MiR-34, SIRT1 and p53: The feedback loop

Munekazu Yamakuchi, Charles J. Lowenstein

Research output: Contribution to journalArticlepeer-review

Abstract

MicroRNAs (miRNAs) are small non-coding RNAs that regulate gene expression. Several studies have linked dysregulation of miRNA with tumorigenesis. The TP53 is one of the most commonly mutated genes in human cancers, and its gene product p53 activates transcription of a set of miRNA including the miR-34 family of miRNA. The miR-34 family regulates cell cycle progression, cellular senescence and apoptosis, but the targets of miR-34 are not completely defined.
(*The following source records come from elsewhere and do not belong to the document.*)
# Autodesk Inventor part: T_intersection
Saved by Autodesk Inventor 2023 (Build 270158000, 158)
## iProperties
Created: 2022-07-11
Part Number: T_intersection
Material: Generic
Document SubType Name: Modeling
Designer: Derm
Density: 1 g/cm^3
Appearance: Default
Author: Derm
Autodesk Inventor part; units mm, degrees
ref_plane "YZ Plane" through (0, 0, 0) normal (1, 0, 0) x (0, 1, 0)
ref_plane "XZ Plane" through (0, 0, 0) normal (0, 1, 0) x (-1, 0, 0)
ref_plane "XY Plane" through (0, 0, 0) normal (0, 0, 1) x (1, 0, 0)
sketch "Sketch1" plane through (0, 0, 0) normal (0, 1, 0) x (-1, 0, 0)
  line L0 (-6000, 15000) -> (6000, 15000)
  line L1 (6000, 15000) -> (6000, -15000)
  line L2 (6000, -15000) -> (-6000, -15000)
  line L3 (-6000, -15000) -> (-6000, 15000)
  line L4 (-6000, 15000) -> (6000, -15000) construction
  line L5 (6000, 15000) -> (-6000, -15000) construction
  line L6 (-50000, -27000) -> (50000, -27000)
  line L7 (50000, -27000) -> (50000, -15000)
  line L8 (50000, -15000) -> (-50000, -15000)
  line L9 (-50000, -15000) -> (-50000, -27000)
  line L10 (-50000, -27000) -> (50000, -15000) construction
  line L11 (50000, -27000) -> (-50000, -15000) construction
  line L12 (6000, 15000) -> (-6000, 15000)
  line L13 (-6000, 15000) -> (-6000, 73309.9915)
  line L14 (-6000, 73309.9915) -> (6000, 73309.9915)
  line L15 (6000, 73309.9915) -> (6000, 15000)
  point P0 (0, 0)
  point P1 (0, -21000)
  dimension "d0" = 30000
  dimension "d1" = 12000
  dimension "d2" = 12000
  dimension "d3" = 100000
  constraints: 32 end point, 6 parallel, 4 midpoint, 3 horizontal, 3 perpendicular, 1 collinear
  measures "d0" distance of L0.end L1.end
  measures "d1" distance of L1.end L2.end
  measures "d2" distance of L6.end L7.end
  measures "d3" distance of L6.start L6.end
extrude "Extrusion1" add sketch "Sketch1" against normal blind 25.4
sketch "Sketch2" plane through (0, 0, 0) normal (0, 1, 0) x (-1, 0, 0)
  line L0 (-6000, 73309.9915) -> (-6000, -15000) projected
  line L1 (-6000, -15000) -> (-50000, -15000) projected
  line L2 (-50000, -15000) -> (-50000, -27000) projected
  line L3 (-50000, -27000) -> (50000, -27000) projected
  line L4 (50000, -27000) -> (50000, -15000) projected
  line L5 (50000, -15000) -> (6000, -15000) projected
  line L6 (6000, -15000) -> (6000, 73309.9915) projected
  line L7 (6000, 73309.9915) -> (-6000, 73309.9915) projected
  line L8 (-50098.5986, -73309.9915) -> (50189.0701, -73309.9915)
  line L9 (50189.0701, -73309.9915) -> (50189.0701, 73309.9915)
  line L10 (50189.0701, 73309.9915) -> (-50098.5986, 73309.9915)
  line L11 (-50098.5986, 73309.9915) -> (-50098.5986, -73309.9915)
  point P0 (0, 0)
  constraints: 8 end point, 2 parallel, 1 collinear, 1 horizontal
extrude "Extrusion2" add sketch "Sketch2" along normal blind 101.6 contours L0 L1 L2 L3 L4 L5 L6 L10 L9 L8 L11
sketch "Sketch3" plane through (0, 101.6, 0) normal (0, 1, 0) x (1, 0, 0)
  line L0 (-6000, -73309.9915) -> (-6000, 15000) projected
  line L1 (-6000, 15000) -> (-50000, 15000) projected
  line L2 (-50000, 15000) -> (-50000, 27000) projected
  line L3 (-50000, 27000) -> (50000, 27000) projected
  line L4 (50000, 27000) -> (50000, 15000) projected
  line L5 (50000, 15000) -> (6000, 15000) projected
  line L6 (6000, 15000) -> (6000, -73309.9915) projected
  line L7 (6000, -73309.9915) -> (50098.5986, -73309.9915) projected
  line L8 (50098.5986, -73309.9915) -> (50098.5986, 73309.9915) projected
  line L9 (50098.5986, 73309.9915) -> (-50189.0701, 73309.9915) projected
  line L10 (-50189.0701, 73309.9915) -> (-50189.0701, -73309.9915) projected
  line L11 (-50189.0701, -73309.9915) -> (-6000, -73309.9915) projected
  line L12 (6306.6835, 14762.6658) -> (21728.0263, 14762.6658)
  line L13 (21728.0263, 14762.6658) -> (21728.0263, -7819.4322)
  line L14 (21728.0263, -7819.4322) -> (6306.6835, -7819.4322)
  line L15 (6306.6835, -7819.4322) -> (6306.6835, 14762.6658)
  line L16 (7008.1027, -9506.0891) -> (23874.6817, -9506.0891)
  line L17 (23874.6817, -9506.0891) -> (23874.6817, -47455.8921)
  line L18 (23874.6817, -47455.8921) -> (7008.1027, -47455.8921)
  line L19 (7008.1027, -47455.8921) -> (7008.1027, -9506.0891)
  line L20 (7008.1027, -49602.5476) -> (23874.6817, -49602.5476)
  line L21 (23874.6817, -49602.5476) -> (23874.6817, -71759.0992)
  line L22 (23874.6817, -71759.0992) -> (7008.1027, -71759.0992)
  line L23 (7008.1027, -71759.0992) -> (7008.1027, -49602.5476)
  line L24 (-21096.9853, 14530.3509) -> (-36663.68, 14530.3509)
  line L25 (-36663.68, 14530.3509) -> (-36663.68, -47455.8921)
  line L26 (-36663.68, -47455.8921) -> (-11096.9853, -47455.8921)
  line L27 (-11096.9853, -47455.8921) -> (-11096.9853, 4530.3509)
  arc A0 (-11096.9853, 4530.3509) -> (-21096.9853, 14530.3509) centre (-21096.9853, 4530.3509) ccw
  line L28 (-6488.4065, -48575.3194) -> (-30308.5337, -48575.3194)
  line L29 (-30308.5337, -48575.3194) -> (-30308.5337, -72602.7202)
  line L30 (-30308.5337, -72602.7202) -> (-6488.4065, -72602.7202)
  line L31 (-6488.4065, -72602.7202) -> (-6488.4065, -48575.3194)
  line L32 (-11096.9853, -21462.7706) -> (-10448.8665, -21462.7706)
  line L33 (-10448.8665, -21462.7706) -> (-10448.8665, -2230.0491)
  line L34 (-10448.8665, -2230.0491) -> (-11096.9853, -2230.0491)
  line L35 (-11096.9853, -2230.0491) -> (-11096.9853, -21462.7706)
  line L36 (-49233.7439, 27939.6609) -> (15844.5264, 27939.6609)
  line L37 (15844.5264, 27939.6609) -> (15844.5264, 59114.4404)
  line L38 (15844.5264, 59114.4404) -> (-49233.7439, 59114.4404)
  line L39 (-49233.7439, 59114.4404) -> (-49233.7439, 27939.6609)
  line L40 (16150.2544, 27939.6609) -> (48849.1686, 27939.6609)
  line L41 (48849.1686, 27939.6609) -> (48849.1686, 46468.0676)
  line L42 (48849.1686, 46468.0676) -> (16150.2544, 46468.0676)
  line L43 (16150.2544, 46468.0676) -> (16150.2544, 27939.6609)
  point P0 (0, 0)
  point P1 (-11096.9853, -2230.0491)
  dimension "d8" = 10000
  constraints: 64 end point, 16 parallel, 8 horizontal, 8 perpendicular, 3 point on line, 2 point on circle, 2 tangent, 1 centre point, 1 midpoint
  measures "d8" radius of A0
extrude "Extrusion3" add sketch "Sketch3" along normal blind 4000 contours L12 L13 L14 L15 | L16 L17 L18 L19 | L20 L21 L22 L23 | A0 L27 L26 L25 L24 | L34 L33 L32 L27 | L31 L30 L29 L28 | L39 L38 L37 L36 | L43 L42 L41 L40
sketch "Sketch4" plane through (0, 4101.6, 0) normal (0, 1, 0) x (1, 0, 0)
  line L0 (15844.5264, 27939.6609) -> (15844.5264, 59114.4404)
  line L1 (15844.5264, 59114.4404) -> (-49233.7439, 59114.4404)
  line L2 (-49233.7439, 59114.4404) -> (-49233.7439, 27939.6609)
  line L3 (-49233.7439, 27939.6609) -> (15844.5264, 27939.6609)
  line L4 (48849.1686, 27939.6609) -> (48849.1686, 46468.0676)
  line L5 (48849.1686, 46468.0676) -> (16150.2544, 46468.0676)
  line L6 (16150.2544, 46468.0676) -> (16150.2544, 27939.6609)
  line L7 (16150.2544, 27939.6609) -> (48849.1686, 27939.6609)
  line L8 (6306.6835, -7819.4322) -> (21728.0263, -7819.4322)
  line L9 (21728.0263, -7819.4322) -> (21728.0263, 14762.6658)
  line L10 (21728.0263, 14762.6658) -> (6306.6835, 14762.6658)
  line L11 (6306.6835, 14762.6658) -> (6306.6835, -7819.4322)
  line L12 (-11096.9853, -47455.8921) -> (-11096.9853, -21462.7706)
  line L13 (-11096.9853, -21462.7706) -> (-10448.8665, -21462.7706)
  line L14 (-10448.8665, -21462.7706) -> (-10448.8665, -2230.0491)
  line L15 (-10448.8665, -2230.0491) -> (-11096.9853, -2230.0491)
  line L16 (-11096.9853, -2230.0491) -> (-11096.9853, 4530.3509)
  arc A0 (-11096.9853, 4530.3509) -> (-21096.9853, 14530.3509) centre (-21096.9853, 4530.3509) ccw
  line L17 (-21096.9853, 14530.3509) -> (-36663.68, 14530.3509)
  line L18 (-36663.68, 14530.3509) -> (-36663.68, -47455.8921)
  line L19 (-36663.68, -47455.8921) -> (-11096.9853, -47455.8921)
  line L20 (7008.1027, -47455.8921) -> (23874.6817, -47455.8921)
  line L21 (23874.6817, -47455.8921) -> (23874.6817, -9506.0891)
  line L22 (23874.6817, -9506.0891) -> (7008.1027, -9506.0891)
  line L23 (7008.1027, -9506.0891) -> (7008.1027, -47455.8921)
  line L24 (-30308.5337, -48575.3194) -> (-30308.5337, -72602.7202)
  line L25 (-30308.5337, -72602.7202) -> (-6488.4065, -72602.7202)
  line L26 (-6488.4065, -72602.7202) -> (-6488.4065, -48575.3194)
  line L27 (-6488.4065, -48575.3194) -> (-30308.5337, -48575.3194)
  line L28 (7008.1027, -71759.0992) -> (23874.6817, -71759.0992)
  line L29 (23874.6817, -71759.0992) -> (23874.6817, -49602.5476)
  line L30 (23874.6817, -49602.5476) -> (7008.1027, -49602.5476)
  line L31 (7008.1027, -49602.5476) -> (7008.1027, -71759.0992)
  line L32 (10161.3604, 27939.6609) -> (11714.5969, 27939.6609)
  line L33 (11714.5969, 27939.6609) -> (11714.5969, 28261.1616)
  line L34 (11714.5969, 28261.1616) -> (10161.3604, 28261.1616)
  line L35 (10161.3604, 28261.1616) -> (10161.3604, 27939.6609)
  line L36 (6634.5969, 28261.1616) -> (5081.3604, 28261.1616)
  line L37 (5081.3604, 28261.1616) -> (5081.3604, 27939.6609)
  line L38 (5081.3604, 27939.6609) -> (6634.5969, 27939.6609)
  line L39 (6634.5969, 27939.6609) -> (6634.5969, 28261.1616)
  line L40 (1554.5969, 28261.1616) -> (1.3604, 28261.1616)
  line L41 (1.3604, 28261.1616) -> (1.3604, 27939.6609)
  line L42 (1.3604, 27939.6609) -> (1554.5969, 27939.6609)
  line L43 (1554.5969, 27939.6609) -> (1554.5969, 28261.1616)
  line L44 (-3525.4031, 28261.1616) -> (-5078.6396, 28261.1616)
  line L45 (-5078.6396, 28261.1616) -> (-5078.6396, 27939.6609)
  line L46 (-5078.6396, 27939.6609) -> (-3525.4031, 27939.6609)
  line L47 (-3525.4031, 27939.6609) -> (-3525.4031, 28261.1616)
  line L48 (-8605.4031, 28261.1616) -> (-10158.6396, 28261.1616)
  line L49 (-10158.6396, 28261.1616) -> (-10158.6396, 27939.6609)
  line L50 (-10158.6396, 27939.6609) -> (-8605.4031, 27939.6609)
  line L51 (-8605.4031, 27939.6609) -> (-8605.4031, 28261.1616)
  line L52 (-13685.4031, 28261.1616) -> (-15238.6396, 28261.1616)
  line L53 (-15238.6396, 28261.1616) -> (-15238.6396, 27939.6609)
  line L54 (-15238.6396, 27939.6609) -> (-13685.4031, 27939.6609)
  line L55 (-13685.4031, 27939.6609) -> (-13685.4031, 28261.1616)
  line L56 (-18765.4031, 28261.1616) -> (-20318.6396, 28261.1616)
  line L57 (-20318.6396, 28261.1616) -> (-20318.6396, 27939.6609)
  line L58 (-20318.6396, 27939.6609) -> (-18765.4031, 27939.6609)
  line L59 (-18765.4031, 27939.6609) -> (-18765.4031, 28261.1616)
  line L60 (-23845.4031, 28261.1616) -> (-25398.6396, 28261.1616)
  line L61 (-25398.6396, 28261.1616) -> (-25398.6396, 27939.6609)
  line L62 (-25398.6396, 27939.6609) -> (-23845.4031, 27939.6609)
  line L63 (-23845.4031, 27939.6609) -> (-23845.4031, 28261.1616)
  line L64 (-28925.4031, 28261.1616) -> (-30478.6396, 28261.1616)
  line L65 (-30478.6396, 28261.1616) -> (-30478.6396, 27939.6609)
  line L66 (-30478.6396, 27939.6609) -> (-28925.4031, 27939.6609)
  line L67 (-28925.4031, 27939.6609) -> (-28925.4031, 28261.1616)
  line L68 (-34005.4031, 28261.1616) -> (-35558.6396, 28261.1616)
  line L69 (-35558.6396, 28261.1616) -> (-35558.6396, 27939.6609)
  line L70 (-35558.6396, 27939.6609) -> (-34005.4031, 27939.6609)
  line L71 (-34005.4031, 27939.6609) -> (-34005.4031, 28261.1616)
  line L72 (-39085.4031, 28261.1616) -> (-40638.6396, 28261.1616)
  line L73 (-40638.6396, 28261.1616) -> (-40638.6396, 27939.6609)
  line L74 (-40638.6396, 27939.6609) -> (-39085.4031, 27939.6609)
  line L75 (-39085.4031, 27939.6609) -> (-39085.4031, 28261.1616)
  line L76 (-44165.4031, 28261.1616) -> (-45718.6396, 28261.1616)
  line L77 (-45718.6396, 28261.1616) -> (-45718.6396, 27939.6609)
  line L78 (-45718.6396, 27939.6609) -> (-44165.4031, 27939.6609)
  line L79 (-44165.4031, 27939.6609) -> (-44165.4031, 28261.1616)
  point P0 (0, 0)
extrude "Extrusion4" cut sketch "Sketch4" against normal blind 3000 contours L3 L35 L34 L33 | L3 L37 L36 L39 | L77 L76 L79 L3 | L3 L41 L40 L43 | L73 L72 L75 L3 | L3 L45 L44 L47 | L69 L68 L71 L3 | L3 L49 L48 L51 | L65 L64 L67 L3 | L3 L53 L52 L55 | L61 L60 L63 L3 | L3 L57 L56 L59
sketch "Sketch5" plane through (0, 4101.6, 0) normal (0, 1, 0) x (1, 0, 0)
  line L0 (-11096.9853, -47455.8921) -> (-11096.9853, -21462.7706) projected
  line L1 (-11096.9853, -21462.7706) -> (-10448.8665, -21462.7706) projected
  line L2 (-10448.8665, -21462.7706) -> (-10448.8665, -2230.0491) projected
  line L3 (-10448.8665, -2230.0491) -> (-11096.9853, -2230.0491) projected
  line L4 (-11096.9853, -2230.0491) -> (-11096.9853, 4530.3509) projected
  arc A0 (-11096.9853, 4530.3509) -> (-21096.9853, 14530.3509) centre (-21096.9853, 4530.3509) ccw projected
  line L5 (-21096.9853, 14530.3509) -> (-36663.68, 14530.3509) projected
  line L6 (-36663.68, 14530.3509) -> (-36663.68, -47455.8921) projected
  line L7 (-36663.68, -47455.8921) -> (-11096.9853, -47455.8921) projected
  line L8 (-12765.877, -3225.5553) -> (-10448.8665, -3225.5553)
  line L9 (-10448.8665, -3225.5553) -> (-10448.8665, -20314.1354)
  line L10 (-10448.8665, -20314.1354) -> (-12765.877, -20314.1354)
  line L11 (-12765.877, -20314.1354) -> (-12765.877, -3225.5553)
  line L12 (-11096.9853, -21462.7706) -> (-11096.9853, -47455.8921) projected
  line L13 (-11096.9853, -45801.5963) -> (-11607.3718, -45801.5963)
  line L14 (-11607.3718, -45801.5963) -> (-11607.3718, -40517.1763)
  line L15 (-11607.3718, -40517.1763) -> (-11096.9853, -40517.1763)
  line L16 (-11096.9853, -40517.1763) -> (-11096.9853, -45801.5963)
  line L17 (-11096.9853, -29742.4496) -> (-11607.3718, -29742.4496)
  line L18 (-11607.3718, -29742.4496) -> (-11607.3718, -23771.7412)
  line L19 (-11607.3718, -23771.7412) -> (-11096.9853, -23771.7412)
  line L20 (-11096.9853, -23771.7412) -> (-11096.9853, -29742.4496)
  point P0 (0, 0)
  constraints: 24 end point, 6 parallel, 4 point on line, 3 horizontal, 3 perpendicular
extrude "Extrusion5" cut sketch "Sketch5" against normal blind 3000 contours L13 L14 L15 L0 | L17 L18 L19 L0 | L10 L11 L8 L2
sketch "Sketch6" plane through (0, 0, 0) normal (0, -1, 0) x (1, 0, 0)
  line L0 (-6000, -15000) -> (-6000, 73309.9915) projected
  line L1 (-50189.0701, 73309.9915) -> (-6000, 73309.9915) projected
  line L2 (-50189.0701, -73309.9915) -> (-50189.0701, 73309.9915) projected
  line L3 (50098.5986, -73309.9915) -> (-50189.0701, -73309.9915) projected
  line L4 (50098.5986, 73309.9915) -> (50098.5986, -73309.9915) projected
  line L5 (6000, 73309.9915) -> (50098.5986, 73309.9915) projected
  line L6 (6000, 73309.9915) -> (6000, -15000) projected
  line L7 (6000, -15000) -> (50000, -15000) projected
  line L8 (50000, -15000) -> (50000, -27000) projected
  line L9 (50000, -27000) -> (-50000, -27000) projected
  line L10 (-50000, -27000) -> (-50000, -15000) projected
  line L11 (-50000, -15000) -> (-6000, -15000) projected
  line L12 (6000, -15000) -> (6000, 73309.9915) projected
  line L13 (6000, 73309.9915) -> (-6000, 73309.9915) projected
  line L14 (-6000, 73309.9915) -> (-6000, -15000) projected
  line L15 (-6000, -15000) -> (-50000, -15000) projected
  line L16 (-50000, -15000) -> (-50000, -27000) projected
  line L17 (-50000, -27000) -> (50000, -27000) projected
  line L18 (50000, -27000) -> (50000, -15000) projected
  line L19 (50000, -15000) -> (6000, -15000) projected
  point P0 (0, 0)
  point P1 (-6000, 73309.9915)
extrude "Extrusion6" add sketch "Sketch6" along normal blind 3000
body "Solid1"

We recently found that miR-34a inhibits SIRT1, a gene that regulates cellular senescence and limits longevity. SIRT1 also regulates p53 dependent apoptosis through deacetylating and stabilizing p53. We also discovered that SIRT1 mediates miR-34a activation of apoptosis by regulating p53 activity. Based on this observation, we propose a positive feedback loop, in which p53 induces expression of miR-34a which suppresses SIRT1, increasing p53 activity.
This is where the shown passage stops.